# Crooked Bow Tie



## Three Button (Apr 29, 2008)

Some of my bow ties tend to be crooked and return to being crooked even after I repeatedly straighten them. Any thoughts on what could cause this?


----------



## The Louche (Jan 30, 2008)

I bet they look better a bit crooked. Leave them be.


----------



## robertbpratt (Mar 2, 2008)

For a bowtie, you make two crosses (like tying your shoes). If you cross one end over the other for the first cross, do the opposite for the second cross. And since you can't really change the second cross, you'll need to practice to see how to set up the first.


----------



## pejm (Aug 21, 2007)

It's possible that you are beginning incorrectly. It might help if you start with the right side over the left (or left over right if you are already doing it the other way). 

I used to have the same problem (with my shoelaces too.) and this corrected it.


----------



## PorterSq (Apr 17, 2008)

The Louche said:


> I bet they look better a bit crooked. Leave them be.


I'm with The Louche...I think a bowtie that's a little askew looks great.


----------



## hbs midwest (Sep 19, 2007)

Three Button said:


> Some of my bow ties tend to be crooked and return to being crooked even after I repeatedly straighten them. Any thoughts on what could cause this?


According to Dorothy L. Sayers' aristocratic detective, Lord Peter Wimsey, one leaves an imperfection in the bow knot to show that it has been hand-tied....:icon_smile_big:

Just a thought.

hbs


----------



## wnh (Nov 4, 2006)

What kind of "crooked" are you talking about? One of the first bows I tied ended up being, after a couple of hours, at about a 45 degree angle with the ground, rather than parallel to it. If that's what you're talking about, I'd say this is past the realm of "pleasantly askew" and into the realm of "needs to be fixed." I'd recommend tying it differently, and perhaps wearing it around the house when you're not at work to see how it holds up.

If, on the other hand, your bow is just slightly askew, I agree with the others: let it be.


----------



## clemsontiger (Jun 9, 2007)

There is a difference between a sloppy bow and a imperfect bow. I'm on the the road with my ipod so this may not come a across coherently.

When you cross the two ends make sure you use the end that comes out on the bottom as the end that you first fold over. For example I first cross left over right so then the the end that is now on the left is on the bottom. I then fold it and bring the piece on top over.

Some bows just don't tie well. I a bow with palmettos on it and one of ends wants to hangs limp and it looks pitiful


----------



## Intrepid (Feb 20, 2005)

A very common problem, that usually goes unnoticed. My guess is that the tie stays at about a 30 degree angle form level, and you constantly feel the need to straighten it.

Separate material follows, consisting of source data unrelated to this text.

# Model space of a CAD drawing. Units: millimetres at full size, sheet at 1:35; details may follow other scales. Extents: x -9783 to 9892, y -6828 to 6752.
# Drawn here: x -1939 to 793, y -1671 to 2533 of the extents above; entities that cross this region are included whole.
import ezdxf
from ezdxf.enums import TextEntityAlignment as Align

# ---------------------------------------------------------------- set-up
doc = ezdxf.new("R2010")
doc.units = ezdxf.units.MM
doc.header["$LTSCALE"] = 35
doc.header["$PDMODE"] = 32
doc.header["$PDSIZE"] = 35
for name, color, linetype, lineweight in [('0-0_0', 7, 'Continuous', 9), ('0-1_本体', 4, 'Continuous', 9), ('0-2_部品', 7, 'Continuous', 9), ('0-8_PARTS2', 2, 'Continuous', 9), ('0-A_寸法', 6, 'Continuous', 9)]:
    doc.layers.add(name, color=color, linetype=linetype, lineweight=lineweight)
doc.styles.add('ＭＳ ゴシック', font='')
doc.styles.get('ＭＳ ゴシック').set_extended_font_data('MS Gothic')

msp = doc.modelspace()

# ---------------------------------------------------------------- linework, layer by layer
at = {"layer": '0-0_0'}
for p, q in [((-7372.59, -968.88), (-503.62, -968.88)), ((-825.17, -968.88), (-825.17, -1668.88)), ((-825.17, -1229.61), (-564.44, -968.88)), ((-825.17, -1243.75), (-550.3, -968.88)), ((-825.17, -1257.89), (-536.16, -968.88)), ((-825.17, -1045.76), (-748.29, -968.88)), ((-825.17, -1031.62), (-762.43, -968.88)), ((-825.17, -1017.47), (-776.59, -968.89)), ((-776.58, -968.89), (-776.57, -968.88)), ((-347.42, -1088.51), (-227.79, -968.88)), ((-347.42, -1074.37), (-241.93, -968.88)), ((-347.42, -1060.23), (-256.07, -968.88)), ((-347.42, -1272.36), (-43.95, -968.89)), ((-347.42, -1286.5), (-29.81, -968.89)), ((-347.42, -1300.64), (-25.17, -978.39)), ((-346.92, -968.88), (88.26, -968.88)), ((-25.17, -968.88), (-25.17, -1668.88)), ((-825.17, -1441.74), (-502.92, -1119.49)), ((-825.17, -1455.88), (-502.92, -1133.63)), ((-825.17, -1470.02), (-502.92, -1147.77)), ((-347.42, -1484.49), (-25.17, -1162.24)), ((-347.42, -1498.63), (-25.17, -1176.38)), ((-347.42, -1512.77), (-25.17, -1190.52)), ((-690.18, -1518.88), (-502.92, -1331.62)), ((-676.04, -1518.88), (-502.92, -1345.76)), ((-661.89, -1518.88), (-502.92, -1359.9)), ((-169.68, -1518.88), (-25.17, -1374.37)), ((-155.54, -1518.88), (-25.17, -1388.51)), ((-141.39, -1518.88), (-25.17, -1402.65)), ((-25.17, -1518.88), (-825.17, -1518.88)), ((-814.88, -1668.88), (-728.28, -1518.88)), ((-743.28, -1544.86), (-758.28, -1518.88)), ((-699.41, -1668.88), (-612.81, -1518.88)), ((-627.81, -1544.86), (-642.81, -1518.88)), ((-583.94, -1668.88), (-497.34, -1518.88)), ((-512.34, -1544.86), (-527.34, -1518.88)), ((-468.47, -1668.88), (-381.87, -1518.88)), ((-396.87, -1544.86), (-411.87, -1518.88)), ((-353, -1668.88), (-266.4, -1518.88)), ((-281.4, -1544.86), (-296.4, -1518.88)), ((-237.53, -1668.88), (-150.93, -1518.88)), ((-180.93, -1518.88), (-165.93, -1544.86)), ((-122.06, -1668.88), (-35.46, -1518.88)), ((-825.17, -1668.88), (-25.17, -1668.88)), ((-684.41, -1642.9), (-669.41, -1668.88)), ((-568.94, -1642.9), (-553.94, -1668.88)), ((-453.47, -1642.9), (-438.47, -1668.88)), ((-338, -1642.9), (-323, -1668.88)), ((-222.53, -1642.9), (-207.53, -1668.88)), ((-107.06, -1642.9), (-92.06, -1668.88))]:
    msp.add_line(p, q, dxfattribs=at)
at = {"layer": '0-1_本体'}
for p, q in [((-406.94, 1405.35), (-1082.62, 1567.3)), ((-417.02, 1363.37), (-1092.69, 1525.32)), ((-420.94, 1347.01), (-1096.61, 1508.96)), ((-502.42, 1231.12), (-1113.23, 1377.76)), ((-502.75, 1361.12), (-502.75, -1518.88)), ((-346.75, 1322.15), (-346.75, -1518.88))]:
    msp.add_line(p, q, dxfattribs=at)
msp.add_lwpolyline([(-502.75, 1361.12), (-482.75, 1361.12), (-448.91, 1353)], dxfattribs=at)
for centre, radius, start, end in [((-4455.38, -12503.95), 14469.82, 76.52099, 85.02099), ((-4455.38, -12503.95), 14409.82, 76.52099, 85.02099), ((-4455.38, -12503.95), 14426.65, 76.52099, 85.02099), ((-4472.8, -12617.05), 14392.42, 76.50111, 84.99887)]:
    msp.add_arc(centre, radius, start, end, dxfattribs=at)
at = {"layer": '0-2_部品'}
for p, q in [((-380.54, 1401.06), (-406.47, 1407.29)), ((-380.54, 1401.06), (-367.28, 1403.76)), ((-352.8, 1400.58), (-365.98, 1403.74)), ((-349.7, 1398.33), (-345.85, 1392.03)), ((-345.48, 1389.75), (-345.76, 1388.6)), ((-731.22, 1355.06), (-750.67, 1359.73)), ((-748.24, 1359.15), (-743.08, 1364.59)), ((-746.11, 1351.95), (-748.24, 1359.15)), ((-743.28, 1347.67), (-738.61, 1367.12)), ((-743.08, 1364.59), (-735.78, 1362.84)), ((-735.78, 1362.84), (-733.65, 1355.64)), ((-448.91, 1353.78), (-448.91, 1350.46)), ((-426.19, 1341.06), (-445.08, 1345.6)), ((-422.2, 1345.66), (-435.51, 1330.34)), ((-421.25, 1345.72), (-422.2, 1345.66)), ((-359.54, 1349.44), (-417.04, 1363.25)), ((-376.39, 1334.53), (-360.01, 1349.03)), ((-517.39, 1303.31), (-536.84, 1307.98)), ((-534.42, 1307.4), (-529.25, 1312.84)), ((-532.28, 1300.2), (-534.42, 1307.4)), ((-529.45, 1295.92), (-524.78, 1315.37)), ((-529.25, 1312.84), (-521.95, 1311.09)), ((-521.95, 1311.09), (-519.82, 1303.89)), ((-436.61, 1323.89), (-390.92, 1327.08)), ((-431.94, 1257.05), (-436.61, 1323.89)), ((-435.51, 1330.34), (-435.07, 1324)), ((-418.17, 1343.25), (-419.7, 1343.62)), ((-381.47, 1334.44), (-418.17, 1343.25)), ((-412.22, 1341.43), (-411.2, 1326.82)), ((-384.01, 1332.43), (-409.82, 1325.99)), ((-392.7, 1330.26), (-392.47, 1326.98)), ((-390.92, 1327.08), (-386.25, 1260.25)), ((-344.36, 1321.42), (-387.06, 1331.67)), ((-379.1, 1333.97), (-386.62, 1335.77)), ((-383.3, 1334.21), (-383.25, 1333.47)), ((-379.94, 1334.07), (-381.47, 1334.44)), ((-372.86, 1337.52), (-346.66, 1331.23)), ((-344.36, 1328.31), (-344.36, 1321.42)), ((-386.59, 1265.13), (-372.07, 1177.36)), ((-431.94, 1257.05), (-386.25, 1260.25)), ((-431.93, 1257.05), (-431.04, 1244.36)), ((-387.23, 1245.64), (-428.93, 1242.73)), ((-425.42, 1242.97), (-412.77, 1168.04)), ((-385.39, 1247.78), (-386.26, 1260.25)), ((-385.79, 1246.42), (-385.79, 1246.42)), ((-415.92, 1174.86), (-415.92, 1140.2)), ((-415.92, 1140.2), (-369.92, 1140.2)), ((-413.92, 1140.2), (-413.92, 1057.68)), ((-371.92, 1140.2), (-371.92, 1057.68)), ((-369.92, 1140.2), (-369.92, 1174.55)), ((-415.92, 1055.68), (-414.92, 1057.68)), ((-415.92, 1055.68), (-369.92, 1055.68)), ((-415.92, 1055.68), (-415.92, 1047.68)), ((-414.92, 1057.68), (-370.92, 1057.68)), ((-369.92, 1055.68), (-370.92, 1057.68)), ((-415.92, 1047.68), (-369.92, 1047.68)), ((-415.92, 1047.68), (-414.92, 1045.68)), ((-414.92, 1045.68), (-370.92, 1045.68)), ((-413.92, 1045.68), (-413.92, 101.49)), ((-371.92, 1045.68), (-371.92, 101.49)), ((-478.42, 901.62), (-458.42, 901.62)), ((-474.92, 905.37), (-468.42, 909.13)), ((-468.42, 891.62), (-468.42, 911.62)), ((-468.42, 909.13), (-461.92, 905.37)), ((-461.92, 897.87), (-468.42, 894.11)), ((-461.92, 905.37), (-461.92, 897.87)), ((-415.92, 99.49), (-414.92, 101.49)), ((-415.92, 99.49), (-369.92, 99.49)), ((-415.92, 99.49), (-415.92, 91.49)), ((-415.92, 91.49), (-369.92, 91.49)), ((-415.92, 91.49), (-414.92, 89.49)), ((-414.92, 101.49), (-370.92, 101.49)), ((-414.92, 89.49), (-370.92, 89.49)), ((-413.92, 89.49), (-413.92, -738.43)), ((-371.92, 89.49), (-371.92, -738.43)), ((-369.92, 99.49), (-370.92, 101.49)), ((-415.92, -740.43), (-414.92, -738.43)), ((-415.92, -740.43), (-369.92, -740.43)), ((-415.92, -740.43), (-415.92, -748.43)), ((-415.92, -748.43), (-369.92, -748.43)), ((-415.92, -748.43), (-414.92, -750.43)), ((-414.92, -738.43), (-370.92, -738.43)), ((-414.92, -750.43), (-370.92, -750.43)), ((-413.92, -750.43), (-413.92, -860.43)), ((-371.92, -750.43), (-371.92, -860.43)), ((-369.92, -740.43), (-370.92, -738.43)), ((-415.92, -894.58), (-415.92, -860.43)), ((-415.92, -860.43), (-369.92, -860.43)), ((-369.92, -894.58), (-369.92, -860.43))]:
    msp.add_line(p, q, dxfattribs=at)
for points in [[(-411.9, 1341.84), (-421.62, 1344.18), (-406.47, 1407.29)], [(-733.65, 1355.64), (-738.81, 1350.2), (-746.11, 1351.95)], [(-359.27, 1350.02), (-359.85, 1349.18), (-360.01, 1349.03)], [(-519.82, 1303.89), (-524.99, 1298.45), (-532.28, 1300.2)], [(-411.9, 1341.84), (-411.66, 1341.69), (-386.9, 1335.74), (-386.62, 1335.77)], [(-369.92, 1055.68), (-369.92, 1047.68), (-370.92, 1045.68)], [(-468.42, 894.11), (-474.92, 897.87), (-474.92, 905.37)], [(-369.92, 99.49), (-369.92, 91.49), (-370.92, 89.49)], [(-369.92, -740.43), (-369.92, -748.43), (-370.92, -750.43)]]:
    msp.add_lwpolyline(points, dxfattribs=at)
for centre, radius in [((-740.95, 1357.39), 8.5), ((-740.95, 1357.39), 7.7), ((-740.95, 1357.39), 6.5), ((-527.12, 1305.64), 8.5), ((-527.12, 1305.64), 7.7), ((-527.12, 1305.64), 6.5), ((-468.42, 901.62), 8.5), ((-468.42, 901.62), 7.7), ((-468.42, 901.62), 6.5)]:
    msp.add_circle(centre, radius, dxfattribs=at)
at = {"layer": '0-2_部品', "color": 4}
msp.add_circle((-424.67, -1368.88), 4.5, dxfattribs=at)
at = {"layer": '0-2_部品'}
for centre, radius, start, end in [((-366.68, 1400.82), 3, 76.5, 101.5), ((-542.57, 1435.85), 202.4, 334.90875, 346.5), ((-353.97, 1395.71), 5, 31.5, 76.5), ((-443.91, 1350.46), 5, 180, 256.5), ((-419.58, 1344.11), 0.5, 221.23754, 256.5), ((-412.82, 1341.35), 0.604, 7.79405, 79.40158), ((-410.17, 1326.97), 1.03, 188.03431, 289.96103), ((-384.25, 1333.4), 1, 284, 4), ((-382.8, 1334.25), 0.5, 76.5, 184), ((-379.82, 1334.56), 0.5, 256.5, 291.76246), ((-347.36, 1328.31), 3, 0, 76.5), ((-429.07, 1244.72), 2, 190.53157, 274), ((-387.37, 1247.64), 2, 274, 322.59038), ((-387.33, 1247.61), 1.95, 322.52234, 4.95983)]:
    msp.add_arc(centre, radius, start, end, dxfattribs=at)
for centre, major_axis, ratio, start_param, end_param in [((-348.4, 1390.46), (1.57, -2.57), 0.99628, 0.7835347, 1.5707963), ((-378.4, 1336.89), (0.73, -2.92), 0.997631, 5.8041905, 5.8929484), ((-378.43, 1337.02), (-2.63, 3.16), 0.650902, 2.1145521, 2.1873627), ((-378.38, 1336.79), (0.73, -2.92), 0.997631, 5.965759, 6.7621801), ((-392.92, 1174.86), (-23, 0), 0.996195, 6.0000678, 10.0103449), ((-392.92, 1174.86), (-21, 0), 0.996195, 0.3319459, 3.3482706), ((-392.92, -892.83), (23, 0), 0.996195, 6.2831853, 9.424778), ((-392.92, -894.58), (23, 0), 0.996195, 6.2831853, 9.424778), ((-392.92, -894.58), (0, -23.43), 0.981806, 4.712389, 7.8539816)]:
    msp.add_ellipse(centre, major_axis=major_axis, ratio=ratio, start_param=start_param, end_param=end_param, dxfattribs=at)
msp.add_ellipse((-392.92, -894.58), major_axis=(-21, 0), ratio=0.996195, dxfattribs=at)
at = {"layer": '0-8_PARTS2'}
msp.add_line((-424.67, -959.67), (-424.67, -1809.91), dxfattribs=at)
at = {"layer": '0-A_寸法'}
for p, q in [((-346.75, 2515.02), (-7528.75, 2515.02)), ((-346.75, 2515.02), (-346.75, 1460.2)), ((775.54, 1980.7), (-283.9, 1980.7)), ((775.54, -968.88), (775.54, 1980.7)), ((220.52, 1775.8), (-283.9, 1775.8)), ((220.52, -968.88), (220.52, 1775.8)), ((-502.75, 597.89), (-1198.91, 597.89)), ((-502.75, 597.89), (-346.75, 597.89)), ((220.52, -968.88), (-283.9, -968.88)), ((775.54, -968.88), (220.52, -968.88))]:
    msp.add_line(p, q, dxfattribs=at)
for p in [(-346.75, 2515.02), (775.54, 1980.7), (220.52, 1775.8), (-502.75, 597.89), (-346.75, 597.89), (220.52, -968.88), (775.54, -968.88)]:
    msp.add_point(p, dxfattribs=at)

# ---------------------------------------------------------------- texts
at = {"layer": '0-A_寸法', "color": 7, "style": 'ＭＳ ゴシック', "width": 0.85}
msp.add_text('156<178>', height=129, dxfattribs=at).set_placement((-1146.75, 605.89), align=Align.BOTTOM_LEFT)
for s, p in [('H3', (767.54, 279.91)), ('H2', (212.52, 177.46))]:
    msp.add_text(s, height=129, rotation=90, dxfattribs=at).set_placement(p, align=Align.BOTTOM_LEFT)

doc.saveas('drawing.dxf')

That is not just a bit unkempt, but ultimately keeps you from enjoying a bow tie.

The problem, is that you are starting the last loop from underneath, and going over the top.

Instead, try starting the last loop by going over the top, not the underneath side. 

As was stated earlier, always start by crossing the blade on your left, over the blade on your right. 

A bow tie should never look too perfect, as was well stated earlier. However, the whole point of the tie seems to suffer, if it is constantly askew. I'll bet you can solve it easily by taking the last loop over the top, rather than from the bottom up.

If this sounds like gibberish, take a look in the archives for some well done graphics that have appeared earlier.

I had the same problem for years, and know what you are experiencing. Easy to fix. You are almost there.

Good luck.


----------



## dandypauper (Jun 10, 2007)

I am extremely far from a bow tie expert, but you should check out the "how to tie a bow tie" link offered in the "Hall of Fame Threads" sticky near the top of the forum, I think.


----------



## deandbn (Mar 6, 2006)

*Reef Knot vs Granny Knot*

Bow Ties must always be made using a reef knot which will ALWAYS sit SQUARE. In fact the reef knot is also sometimes called the square knot for this reason.

However a Granny knot will ALWAYS sit SKEW.

So if you make a reef knot in your bowtie it can never go skew.

Shoe laces obey these same rules.

To make a reef knot:
left over right and through then right over left then through

To make a granny knot:
left over right and through then left over right then through

(for more detailed instructions, check other places on the web)

out of interest: knots are always MADE never TIED
One ties ropes together by making a knot in them, and in the same way bowtie knots are made by tying the two ends together.


----------